▶ **Exercise aim**:
In this exercise, retype exactly the lines from the start of the entries through the line bearing "(-26, 10.5), align=None, mode=Mode.SUBTRACT)", leaving every picture out.

▶ **Provided material**:
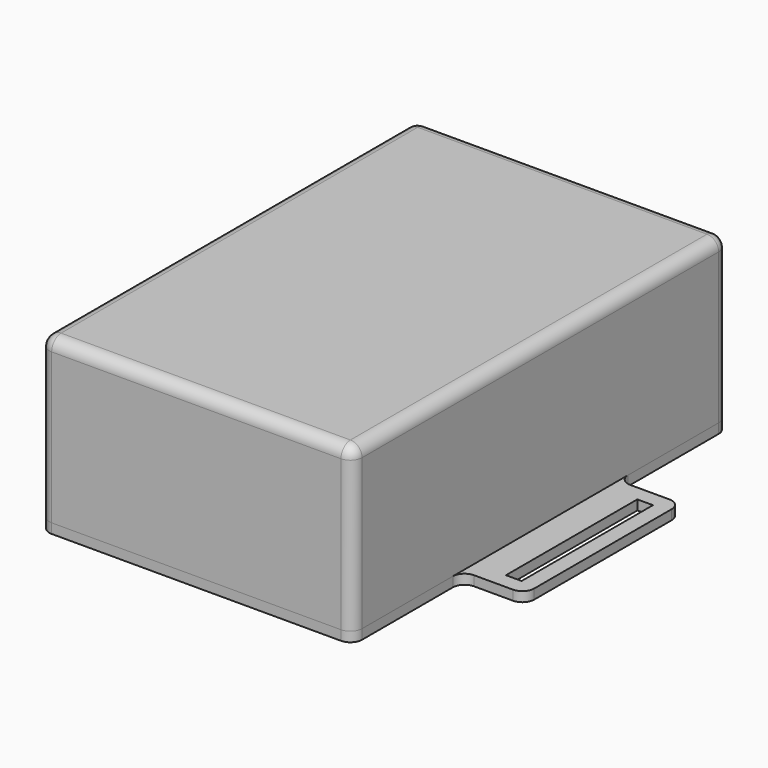
from build123d import *

# Parameters (mm, degrees)
F4_DEPTH  = 1.25
F3_R      = 1.5
F5_DEPTH  = 2
F7_W      = 40
F7_H      = 60
F7_W_2    = 37
F7_H_2    = 57
F8_DEPTH  = 20
F9_W      = 40
F9_H      = 60
F9_W_2    = 37
F9_H_2    = 57
F10_DEPTH = 0.75
F11_R     = 1.5
F11_2_R   = 1.5


with BuildPart() as f4:
    # F3 (on Top) → F4 (new body)
    with BuildSketch(Plane.XY):
        Polygon((-20, 0), (-20, 12.5), (-28, 12.5), (-28, 0), (-28, -12.5), (-20, -12.5), align=None)
        Polygon((-24, 10.5), (-24, 0), (-24, -10.5), (-26, -10.5), (-26, 0), (-26, 10.5), align=None, mode=Mode.SUBTRACT)
        Polygon((28, 12.5), (20, 12.5), (20, 0), (20, -12.5), (28, -12.5), (28, 0), align=None)
        Polygon((24, -10.5), (24, 0), (24, 10.5), (26, 10.5), (26, 0), (26, -10.5), align=None, mode=Mode.SUBTRACT)
        Polygon((20, 30), (0, 30), (-20, 30), (-20, 12.5), (-20, 0), (-20, -12.5), (-20, -30), (0, -30), (20, -30), (20, -12.5), (20, 0), (20, 12.5), align=None)
        Polygon((-18, 28), (0, 28), (18, 28), (18, 0), (18, -28), (0, -28), (-18, -28), (-18, 0), align=None, mode=Mode.SUBTRACT)
    extrude(amount=F4_DEPTH)

    # F3 (on Top) → F5 (join)
    with BuildSketch(Plane.XY):
        Polygon((18, 28), (0, 28), (-18, 28), (-18, 0), (-18, -28), (0, -28), (18, -28), (18, 0), align=None)
        Circle(F3_R, mode=Mode.SUBTRACT)
    extrude(amount=F5_DEPTH)

    # F11#2
    f11_2_edges = [f4.edges().sort_by_distance(p)[0] for p in [
        (-20, 30, 0.625),
        (20, 30, 0.625),
        (-20, -30, 0.625),
        (-28, -12.5, 0.625),
        (-28, 12.5, 0.625),
        (-20, 12.5, 0.625),
        (-20, -12.5, 0.625),
        (20, -30, 0.625),
        (28, -12.5, 0.625),
        (20, -12.5, 0.625),
        (28, 12.5, 0.625),
        (20, 12.5, 0.625),
    ]]
    fillet(f11_2_edges, radius=F11_2_R)


with BuildPart() as f8:
    # F7 (on offset) → F8 (new body)
    with BuildSketch(Plane.XY.offset(1.25)):
        Rectangle(F7_W, F7_H)
        Rectangle(F7_W_2, F7_H_2, mode=Mode.SUBTRACT)
    extrude(amount=F8_DEPTH)

    # F9 (on face) → F10 (join)
    with BuildSketch(Plane.XY.offset(21.25)):
        Rectangle(F9_W, F9_H)
        Rectangle(F9_W_2, F9_H_2, mode=Mode.SUBTRACT)
        Rectangle(F9_W_2, F9_H_2)
    extrude(amount=F10_DEPTH)

    # F11
    f11_edges = [f8.edges().sort_by_distance(p)[0] for p in [
        (0, -30, 22),
        (-20, 0, 22),
        (0, 30, 22),
        (20, 0, 22),
        (20, -30, 11.625),
        (20, 30, 11.625),
        (-20, -30, 11.625),
        (-20, 30, 11.625),
    ]]
    fillet(f11_edges, radius=F11_R)


solid = Compound([f4.part, f8.part])

▶ **Task solution**:
from build123d import *

# Parameters (mm, degrees)
F4_DEPTH  = 1.25
F3_R      = 1.5
F5_DEPTH  = 2
F7_W      = 40
F7_H      = 60
F7_W_2    = 37
F7_H_2    = 57
F8_DEPTH  = 20
F9_W      = 40
F9_H      = 60
F9_W_2    = 37
F9_H_2    = 57
F10_DEPTH = 0.75
F11_R     = 1.5
F11_2_R   = 1.5


with BuildPart() as f4:
    # F3 (on Top) → F4 (new body)
    with BuildSketch(Plane.XY):
        Polygon((-20, 0), (-20, 12.5), (-28, 12.5), (-28, 0), (-28, -12.5), (-20, -12.5), align=None)
        Polygon((-24, 10.5), (-24, 0), (-24, -10.5), (-26, -10.5), (-26, 0), (-26, 10.5), align=None, mode=Mode.SUBTRACT)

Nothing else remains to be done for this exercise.